The product clusters defined in the “RFM grid-based clustering to ensure the growing retail business“ are pre-defined in the Enalito. Any retailer with Enalito can find all of these product clusters ready to give insights into their business. However, Enalito cares much more for a business than retailers think. Enalito aims at figuring out and resolving every ‘What If’ that comes in a retailer’s mind. So, what if retailers want to dig deeper and find some other product cluster that can provide more clarity in their business insights? Enalito has already resolved this question and serves the desired freedom to drill down and refine behavioral clusters, as perfect as retailers want to get a relieving and helpful answer to their each and every What if.

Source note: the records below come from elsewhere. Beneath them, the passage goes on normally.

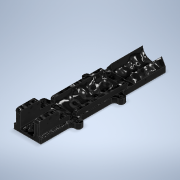
# Autodesk Inventor part: kicker_plate_modified
Saved by Autodesk Inventor 2020 (Build 240168000, 168)
## iProperties
Created: 2019-08-27
Part Number: kicker_plate_modified
Material: PET Plastic
Document SubType Name: Modeling
Designer: felip
Density: 1.541 g/cm^3
Appearance: Black
Author: felip
Autodesk Inventor part; units mm, degrees
ref_plane "YZ Plane" through (0, 0, 0) normal (1, 0, 0) x (0, 1, 0)
ref_plane "XZ Plane" through (0, 0, 0) normal (0, 1, 0) x (-1, 0, 0)
ref_plane "XY Plane" through (0, 0, 0) normal (0, 0, 1) x (1, 0, 0)
sketch "Sketch1" plane through (0, 0, 0) normal (0, 1, 0) x (-1, 0, 0)
  line L0 (0, 0) -> (29, 0)
  line L1 (29, 0) -> (29, -100)
  line L2 (29, -100) -> (0, -100)
  line L3 (0, -100) -> (0, 0)
  dimension "d0" = 29
  dimension "d1" = 100
  constraints: 8 end point, 2 parallel, 1 horizontal, 1 perpendicular
  measures "d0" distance of L1.end L2.end
  measures "d1" distance of L0.end L1.end
extrude "Extrusion1" add sketch "Sketch1" along normal blind 6
ref_plane "Work Plane1" through (-29, 0, -7) normal (0, 0, 1) x (1, 0, 0)
sketch "Sketch2" plane through (-29, 0, -7) normal (0, 0, 1) x (1, 0, 0)
  line L0 (0, 0) -> (29, 0) projected
  line L1 (29, 0) -> (29, 6) projected
  line L2 (0, 6) -> (29, 6) projected
  line L3 (0, 0) -> (0, 6) projected
  line L4 (29, 0) -> (0, 0) construction
  line L5 (14.5, 0) -> (14.5, 12.5) construction
  circle A0 centre (14.5, 12.5) radius 10.75
  point P0 (23.0623, 6)
  point P1 (5.9377, 6)
  dimension "d5" = 12.5
  dimension "d6" = 21.5
  constraints: 2 end point, 1 centre point, 1 coincident, 1 midpoint, 1 vertical
  measures "d5" distance of L5.start L5.end
  measures "d6" diameter of A0
extrude "Extrusion2" cut sketch "Sketch2" against normal blind 51.8 contours A0 L2 | L2 A0
sketch "Sketch9" plane through (0, 6, 0) normal (0, 1, 0) x (1, 0, 0)
  line L0 (-5.9377, 58.8) -> (-5.9377, 7) projected
  line L1 (-5.9377, 7) -> (-23.0623, 7) projected
  line L2 (-23.0623, 7) -> (-23.0623, 58.8) projected
  line L3 (-23.0623, 58.8) -> (-5.9377, 58.8) projected
  line L4 (-29, 100) -> (-29, 0) projected
  line L5 (-29, 0) -> (0, 0) projected
  line L6 (0, 0) -> (0, 100) projected
  line L7 (0, 100) -> (-29, 100) projected
  line L8 (-29, 100) -> (-29, 0) projected
  line L9 (0, 0) -> (0, 100) projected
  line L10 (-29, 100) -> (0, 100)
  line L11 (0, 100) -> (0, 66)
  line L12 (0, 66) -> (-29, 66)
  line L13 (-29, 66) -> (-29, 100)
  dimension "d60" = 34
  constraints: 8 end point, 2 parallel, 1 horizontal, 1 perpendicular, 1 point on line
  measures "d60" distance between parallel lines of L7 L12
extrude "Extrusion7" add sketch "Sketch9" along normal blind 6.75 contours L7 L6 L12 L4
sketch "Sketch3" plane through (0, 0, -100) normal (0, 0, -1) x (-1, 0, 0)
  line L0 (0, 0) -> (29, 0) projected
  line L1 (29, 0) -> (29, 12.75) projected
  line L2 (0, 0) -> (0, 12.75) projected
  line L3 (0, 0) -> (29, 0) construction
  line L4 (14.5, 0) -> (14.5, 12.5) construction
  circle A0 centre (14.5, 12.5) radius 10
  line L5 (0, 12.75) -> (29, 12.75) projected
  dimension "d9" = 12.5
  dimension "d10" = 20
  constraints: 2 end point, 1 centre point, 1 coincident, 1 midpoint, 1 vertical
  measures "d9" distance of L4.start L4.end
  measures "d10" diameter of A0
extrude "Extrusion3" cut sketch "Sketch3" against normal blind 34 contours L5 A0 | A0 L5
sketch "Sketch4" plane through (0, 0, 0) normal (0, -1, 0) x (1, 0, 0)
  line L0 (0, -100) -> (-29, -100) projected
  line L1 (0, 0) -> (0, -100) projected
  line L2 (-29, 0) -> (0, 0) projected
  line L3 (-29, -100) -> (-29, 0) projected
  point P0 (-24, -3)
  point P1 (-5, -3)
  point P2 (-24, -63)
  point P3 (-5, -63)
  dimension "d13" = 3
  dimension "d14" = 5
  dimension "d15" = 3
  dimension "d16" = 5
  dimension "d24" = 5
  dimension "d25" = 63
  dimension "d26" = 5
  dimension "d27" = 63
  measures "d13" distance from line of L2 point (-24, -3)
  measures "d14" distance from line of L3 point (-24, -3)
  measures "d15" distance from line of L2 point (-5, -3)
  measures "d16" distance from line of L1 point (-5, -3)
  measures "d24" distance from line of L3 point (-24, -63)
  measures "d25" distance from line of L2 point (-24, -63)
  measures "d26" distance from line of L1 point (-5, -63)
  measures "d27" distance from line of point (-5, -63) L2
hole "Hole1" at (-24, 0, -3) at (-5, 0, -3) at (-24, 0, -63) at (-5, 0, -63) direction (0, 1, 0) diameter 3.1 depth 6 counterbore diameter 5.5 counterbore depth 2
move faces "Move1" translate (0, 0, 31) faces at (-19.3333, 2, 0)
sketch "Sketch5" plane through (0, 6, 0) normal (0, 1, 0) x (1, 0, 0)
  circle A0 centre (-24, 63) radius 1.55 projected
  circle A1 centre (-24, 3) radius 1.55 projected
  circle A2 centre (-5, 3) radius 1.55 projected
  circle A3 centre (-5, 63) radius 1.55 projected
  line L0 (-6.9007, 66) -> (-22.0993, 66) projected
  line L1 (-29, 66) -> (-29, -31) projected
  line L2 (-29, -31) -> (0, -31) projected
  line L3 (0, -31) -> (0, 66) projected
  line L4 (-5.9377, 58.8) -> (-5.9377, 7) projected
  line L5 (-5.9377, 7) -> (-23.0623, 7) projected
  line L6 (-23.0623, 7) -> (-23.0623, 58.8) projected
  line L7 (-23.0623, 58.8) -> (-5.9377, 58.8) projected
  line L8 (-29, -31) -> (0, -31) projected
  line L9 (-9.25, -31) -> (-19.75, -31)
  line L10 (-19.75, -31) -> (-19.75, 0)
  line L11 (-19.75, 0) -> (-9.25, 0)
  line L12 (-9.25, 0) -> (-9.25, -31)
  line L13 (0, 66) -> (-6.9007, 66) projected
  line L14 (-22.0993, 66) -> (-29, 66) projected
  point P0 (0, 0)
  point P1 (-14.5, -31)
  point P2 (-9.25, -31)
  dimension "d31" = 10.5
  dimension "d32" = 31
  constraints: 8 end point, 2 midpoint, 2 parallel, 1 horizontal, 1 perpendicular, 1 point on line
  measures "d31" distance of L10.end L11.end
  measures "d32" distance of L9.end L10.end
extrude "Extrusion4" cut sketch "Sketch5" against normal blind 2.95 contours L2 L10 L11 L12
sketch "Sketch6" plane through (0, 6, 0) normal (0, 1, 0) x (1, 0, 0)
  line L0 (-5.9377, 58.8) -> (-5.9377, 7) projected
  line L1 (-5.9377, 7) -> (-23.0623, 7) projected
  line L2 (-23.0623, 7) -> (-23.0623, 58.8) projected
  line L3 (-23.0623, 58.8) -> (-5.9377, 58.8) projected
  line L4 (-19.75, -31) -> (-19.75, 0) projected
  line L5 (-19.75, 0) -> (-9.25, 0) projected
  line L6 (-9.25, 0) -> (-9.25, -31) projected
  line L7 (-9.25, -31) -> (0, -31) projected
  line L8 (0, -31) -> (0, 66) projected
  line L9 (-6.9007, 66) -> (-22.0993, 66) projected
  line L10 (-29, 66) -> (-29, -31) projected
  line L11 (-29, -31) -> (-19.75, -31) projected
  circle A0 centre (-5, 63) radius 1.55 projected
  circle A1 centre (-5, 3) radius 1.55 projected
  circle A2 centre (-24, 3) radius 1.55 projected
  circle A3 centre (-24, 63) radius 1.55 projected
  line L12 (-9.25, -31) -> (0, -31) projected
  line L13 (-2.125, -31) -> (-7.125, -31)
  line L14 (-7.125, -31) -> (-7.125, -11)
  line L15 (-7.125, -11) -> (-2.125, -11)
  line L16 (-2.125, -11) -> (-2.125, -31)
  line L17 (-21.875, -31) -> (-26.875, -31)
  line L18 (-26.875, -31) -> (-26.875, -11)
  line L19 (-26.875, -11) -> (-21.875, -11)
  line L20 (-21.875, -11) -> (-21.875, -31)
  line L21 (0, 66) -> (-6.9007, 66) projected
  line L22 (-22.0993, 66) -> (-29, 66) projected
  line L23 (-19.75, -31) -> (-19.75, 0) projected
  line L24 (-21.875, 0) -> (-19.75, 0)
  line L25 (-19.75, 0) -> (-19.75, -31)
  line L26 (-19.75, -31) -> (-21.875, -31)
  line L27 (-21.875, -31) -> (-21.875, 0)
  line L28 (-9.25, 0) -> (-9.25, -31) projected
  line L29 (-7.125, 0) -> (-9.25, 0)
  line L30 (-9.25, 0) -> (-9.25, -31)
  line L31 (-9.25, -31) -> (-7.125, -31)
  line L32 (-7.125, -31) -> (-7.125, 0)
  point P0 (0, 0)
  point P1 (-4.625, -31)
  point P2 (-24.375, -31)
  point P3 (-26.875, -31)
  point P4 (-2.125, -31)
  dimension "d35" = 5
  dimension "d36" = 20
  dimension "d37" = 5
  dimension "d38" = 20
  constraints: 32 end point, 8 parallel, 4 horizontal, 4 midpoint, 4 perpendicular, 3 point on line
  measures "d35" distance of L14.end L15.end
  measures "d36" distance of L13.end L14.end
  measures "d37" distance of L18.end L19.end
  measures "d38" distance of L17.end L18.end
extrude "Extrusion5" add sketch "Sketch6" along normal blind 14 contours L11 L18 L19 L20 | L14 L15 L16 L7
sketch "Sketch7" plane through (0, 0, 0) normal (0, -1, 0) x (1, 0, 0)
  circle A0 centre (-24, -63) radius 2.75 projected
  circle A1 centre (-24, -3) radius 2.75 projected
  circle A2 centre (-5, -3) radius 2.75 projected
  circle A3 centre (-5, -63) radius 2.75 projected
  line L0 (0, -100) -> (-29, -100) projected
  line L1 (0, 31) -> (0, -100) projected
  line L2 (-29, 31) -> (0, 31) projected
  line L3 (-29, -100) -> (-29, 31) projected
  line L4 (-29, -100) -> (-29, 31) construction
  line L5 (0, 31) -> (0, -100) construction
  line L6 (-29, -100) -> (-29, 31) projected
  line L7 (-29, -52) -> (-36, -52)
  line L8 (-36, -52) -> (-36, -45)
  line L9 (-36, -45) -> (-29, -45)
  line L10 (-29, -45) -> (-29, -52)
  line L11 (-29, -7) -> (-36, -7)
  line L12 (-36, -7) -> (-36, 0)
  line L13 (-36, 0) -> (-29, 0)
  line L14 (-29, 0) -> (-29, -7)
  line L15 (-4.5, -100) -> (-24.5, -100) construction
  line L16 (-14.5, -100) -> (-14.5, 31) construction
  line L17 (-29, 31) -> (0, 31) construction
  line L18 (0, -52) -> (7, -52)
  line L19 (7, -52) -> (7, -45)
  line L20 (7, -45) -> (0, -45)
  line L21 (0, -45) -> (0, -52)
  line L22 (0, -7) -> (7, -7)
  line L23 (7, -7) -> (7, 0)
  line L24 (7, 0) -> (0, 0)
  line L25 (0, 0) -> (0, -7)
  point P0 (0, 0)
  point P1 (0, 0)
  point P2 (0, -7)
  point P3 (0, -45)
  point P4 (0, -52)
  point P5 (-29, 0)
  point P6 (-24.4969, -100)
  point P7 (-4.5031, -100)
  dimension "d41" = 7
  dimension "d42" = 7
  dimension "d43" = 7
  dimension "d44" = 7
  dimension "d58" = 31
  dimension "d59" = 38
  constraints: 34 end point, 8 symmetric about line, 4 parallel, 2 horizontal, 2 midpoint, 2 perpendicular, 2 point on line
  measures "d41" distance of L8.end L9.end
  measures "d42" distance of L7.end L8.end
  measures "d43" distance of L12.end L13.end
  measures "d44" distance of L11.end L12.end
  measures "d58" distance between parallel lines of L13 L2
  measures "d59" distance between parallel lines of L9 L11
extrude "Extrusion6" add sketch "Sketch7" against normal blind 6 contours L1 L20 L19 L18 | L7 L8 L9 L3 | L1 L24 L23 L22 | L11 L12 L13 L3
sketch "Sketch8" plane through (0, 0, 0) normal (0, -1, 0) x (1, 0, 0)
  circle A0 centre (-24, -63) radius 2.75 projected
  circle A1 centre (-24, -3) radius 2.75 projected
  circle A2 centre (-5, -3) radius 2.75 projected
  circle A3 centre (-5, -63) radius 2.75 projected
  line L0 (-29, 31) -> (0, 31) projected
  line L1 (-29, 0) -> (-29, 31) projected
  line L2 (-29, 0) -> (-36, 0) projected
  line L3 (-36, 0) -> (-36, -7) projected
  line L4 (-36, -7) -> (-29, -7) projected
  line L5 (-29, -45) -> (-29, -7) projected
  line L6 (-29, -45) -> (-36, -45) projected
  line L7 (-36, -45) -> (-36, -52) projected
  line L8 (-36, -52) -> (-29, -52) projected
  line L9 (-29, -100) -> (-29, -52) projected
  line L10 (0, -100) -> (-29, -100) projected
  line L11 (0, -52) -> (0, -100) projected
  line L12 (0, -52) -> (7, -52) projected
  line L13 (7, -52) -> (7, -45) projected
  line L14 (7, -45) -> (0, -45) projected
  line L15 (0, -7) -> (0, -45) projected
  line L16 (0, -7) -> (7, -7) projected
  line L17 (7, -7) -> (7, 0) projected
  line L18 (7, 0) -> (0, 0) projected
  line L19 (0, 31) -> (0, 0) projected
  line L20 (7, -52) -> (7, -45) construction
  line L21 (7, -48.5) -> (-36, -48.5) construction
  line L22 (-36, -52) -> (-36, -45) construction
  line L23 (7, -7) -> (7, 0) construction
  line L24 (7, -3.5) -> (-36, -3.5) construction
  point P0 (0, 0)
  point P1 (3.5, -48.5)
  point P2 (-32.5, -48.5)
  point P3 (-32.5, -3.5)
  point P4 (3.5, -3.5)
  dimension "d47" = 3.5
  dimension "d48" = 3.5
  dimension "d49" = 3.5
  dimension "d50" = 3.5
  constraints: 4 end point, 4 midpoint, 4 point on line
  measures "d47" distance from line of L13 point (3.5, -48.5)
  measures "d48" distance from line of L7 point (-32.5, -48.5)
  measures "d49" distance from line of L3 point (-32.5, -3.5)
  measures "d50" distance from line of L17 point (3.5, -3.5)
hole "Hole2" at (3.5, 0, -48.5) at (-32.5, 0, -48.5) at (-32.5, 0, -3.5) at (3.5, 0, -3.5) direction (0, 1, 0) diameter 3.1 depth 6 counterbore diameter 5.5 counterbore depth 2
sketch "Sketch10" plane through (0, 0, 0) normal (0, -1, 0) x (1, 0, 0)
  circle A0 centre (-32.5, -3.5) radius 2.75 projected
  circle A1 centre (3.5, -48.5) radius 2.75 projected
  circle A2 centre (-32.5, -48.5) radius 2.75 projected
  circle A3 centre (3.5, -3.5) radius 2.75 projected
  circle A4 centre (-24, -63) radius 2.75 projected
  circle A5 centre (-24, -3) radius 2.75 projected
  circle A6 centre (-5, -3) radius 2.75 projected
  circle A7 centre (-5, -63) radius 2.75 projected
  line L0 (-29, -100) -> (-29, -52) projected
  line L1 (0, -100) -> (-29, -100) projected
  line L2 (0, -52) -> (0, -100) projected
  line L3 (0, -52) -> (7, -52) projected
  line L4 (7, -52) -> (7, -45) projected
  line L5 (7, -45) -> (0, -45) projected
  line L6 (0, -7) -> (0, -45) projected
  line L7 (0, -7) -> (7, -7) projected
  line L8 (7, -7) -> (7, 0) projected
  line L9 (7, 0) -> (0, 0) projected
  line L10 (0, 31) -> (0, 0) projected
  line L11 (-29, 31) -> (0, 31) projected
  line L12 (-29, 0) -> (-29, 31) projected
  line L13 (-29, 0) -> (-36, 0) projected
  line L14 (-36, 0) -> (-36, -7) projected
  line L15 (-36, -7) -> (-29, -7) projected
  line L16 (-29, -45) -> (-29, -7) projected
  line L17 (-29, -45) -> (-36, -45) projected
  line L18 (-36, -45) -> (-36, -52) projected
  line L19 (-36, -52) -> (-29, -52) projected
  line L20 (-29, 31) -> (0, 31) construction
  line L21 (-14.5, 31) -> (-14.5, -24) construction
  circle A8 centre (-14.5, -24) radius 88
  circle A9 centre (-14.5, -24) radius 76
  point P0 (0, 0)
  point P1 (-14.5, -100)
  point P2 (-29, -98.604)
  point P3 (0, -98.604)
  dimension "d63" = 55
  dimension "d64" = 176
  dimension "d65" = 152
  constraints: 2 centre point, 2 coincident, 2 end point, 1 midpoint, 1 vertical
  measures "d63" distance of L21.start L21.end
  measures "d64" diameter of A8
  measures "d65" diameter of A9
extrude "Extrusion8" cut sketch "Sketch10" against normal blind 85.25 contours L0 A9 L1 | A9 L2 L1
fillet "Fillet1" radius 1 8 edges at (-2.125, 6, 21) (0, 6, 15.5) (-7.125, 6, 21) (-9.25, 6, 15.5) (-19.75, 6, 15.5) (-21.875, 6, 21) (-26.875, 6, 21) (-29, 6, 15.5)
fillet "Fillet1" radius 3 2 edges at (-4.625, 20, 11) (-24.375, 20, 11)
fillet "Fillet2" radius 3 10 edges at (-29, 3, -52) (-29, 3, -45) (-29, 3, -7) (-28.7071, 5.7071, 0) (-29, 2.5, 0) (-0.2929, 5.7071, 0) (0, 2.5, 0) (0, 3, -7) (0, 3, -52) (0, 3, -45)
fillet "Fillet2" radius 3 8 edges at (7, 3, -45) (7, 3, -52) (7, 3, 0) (7, 3, -7) (-36, 3, 0) (-36, 3, -7) (-36, 3, -45) (-36, 3, -52)
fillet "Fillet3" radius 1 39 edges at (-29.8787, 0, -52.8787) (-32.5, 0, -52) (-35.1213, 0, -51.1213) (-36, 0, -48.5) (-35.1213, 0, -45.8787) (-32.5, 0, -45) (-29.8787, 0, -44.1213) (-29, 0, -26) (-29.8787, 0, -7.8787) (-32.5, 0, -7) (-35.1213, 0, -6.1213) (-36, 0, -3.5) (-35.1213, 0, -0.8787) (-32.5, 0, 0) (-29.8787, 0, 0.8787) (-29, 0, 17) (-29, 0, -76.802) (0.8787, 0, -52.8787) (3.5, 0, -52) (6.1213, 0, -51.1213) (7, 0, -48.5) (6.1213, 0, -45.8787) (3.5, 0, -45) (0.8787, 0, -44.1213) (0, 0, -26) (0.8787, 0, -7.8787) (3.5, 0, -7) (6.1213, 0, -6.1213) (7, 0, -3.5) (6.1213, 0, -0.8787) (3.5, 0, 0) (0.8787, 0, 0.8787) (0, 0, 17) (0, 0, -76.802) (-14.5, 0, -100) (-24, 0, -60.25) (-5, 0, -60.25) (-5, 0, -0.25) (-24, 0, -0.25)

Let’s understand this by an example:
There’s a retailer who sells fine and popular wines on his online store. He uses Enalito to analyze the product clusters to get detailed insights into his business and sends campaigns of those products that turn customers in often and motivate them to buy more from his store. The retailer figures out that the ‘Remove’ cluster in the RF (Recency-Frequency) Grid needs to be more refined, as it shows the products that aren’t sold recently and aren’t bought often either. As the retailer is a seller of wine (rich and expensive), many of his products aren’t sold much or often but whenever they get sold, they contribute well in monetary terms. So for his business, the products which aren’t bought recently and frequently can’t be fitting to ‘Remove’ if they are providing a good monetary contribution.
In such a case and in any other need of drilling down the pre-defined product clusters, Enalito provides the retailer with the provision of refining clusters on their own. For the above example, the retailer can introduce an additional attribute M (Monetary Value) to the pre-existing RF-based Remove product cluster. By doing so, the retailer can set up a condition to filter out only those products as removable that also haven’t provided any monetary contribution in addition to the already low recency and frequency. The retailer can set up the condition as clustering those customers as removable who have the M score as M<=3 (where M is lesser than or equal to 3). After setting this condition, the retailer will yield a cluster of products that aren’t sold recently and frequently, and also haven’t contributed significant monetary value.
Similarly, the retailer can also figure out products that might have not sold recently or frequently but have contributed good money. To do this, the retailer can add up the monetary (M) attribute to the RF-based cluster and set up the condition of M>=3 (where M is greater than or equal to 3). This way, the retailer can yield a product cluster that doesn’t count as removable when the monetary value is good.
The retailer can even drill the ‘Best’ product cluster to get the products that have the best recency, frequency, and monetary value to find those products that are BEST in terms of monetary contribution (M>=3). Similarly, the retailer can go the other way around to find those products that have the best recency and frequency but not the best monetary value (M<=3).
From the above example, it is clear how to add an additional attribute to a pre-defined cluster and make it more refined. Using Enalito, the retailers get the freedom to add as many attributes they need to make their product clusters as refined as they want them to be.
Likewise, any retailer can drill and refine any product clusters as per their needs and yield the best of the profoundly innovative Enalito.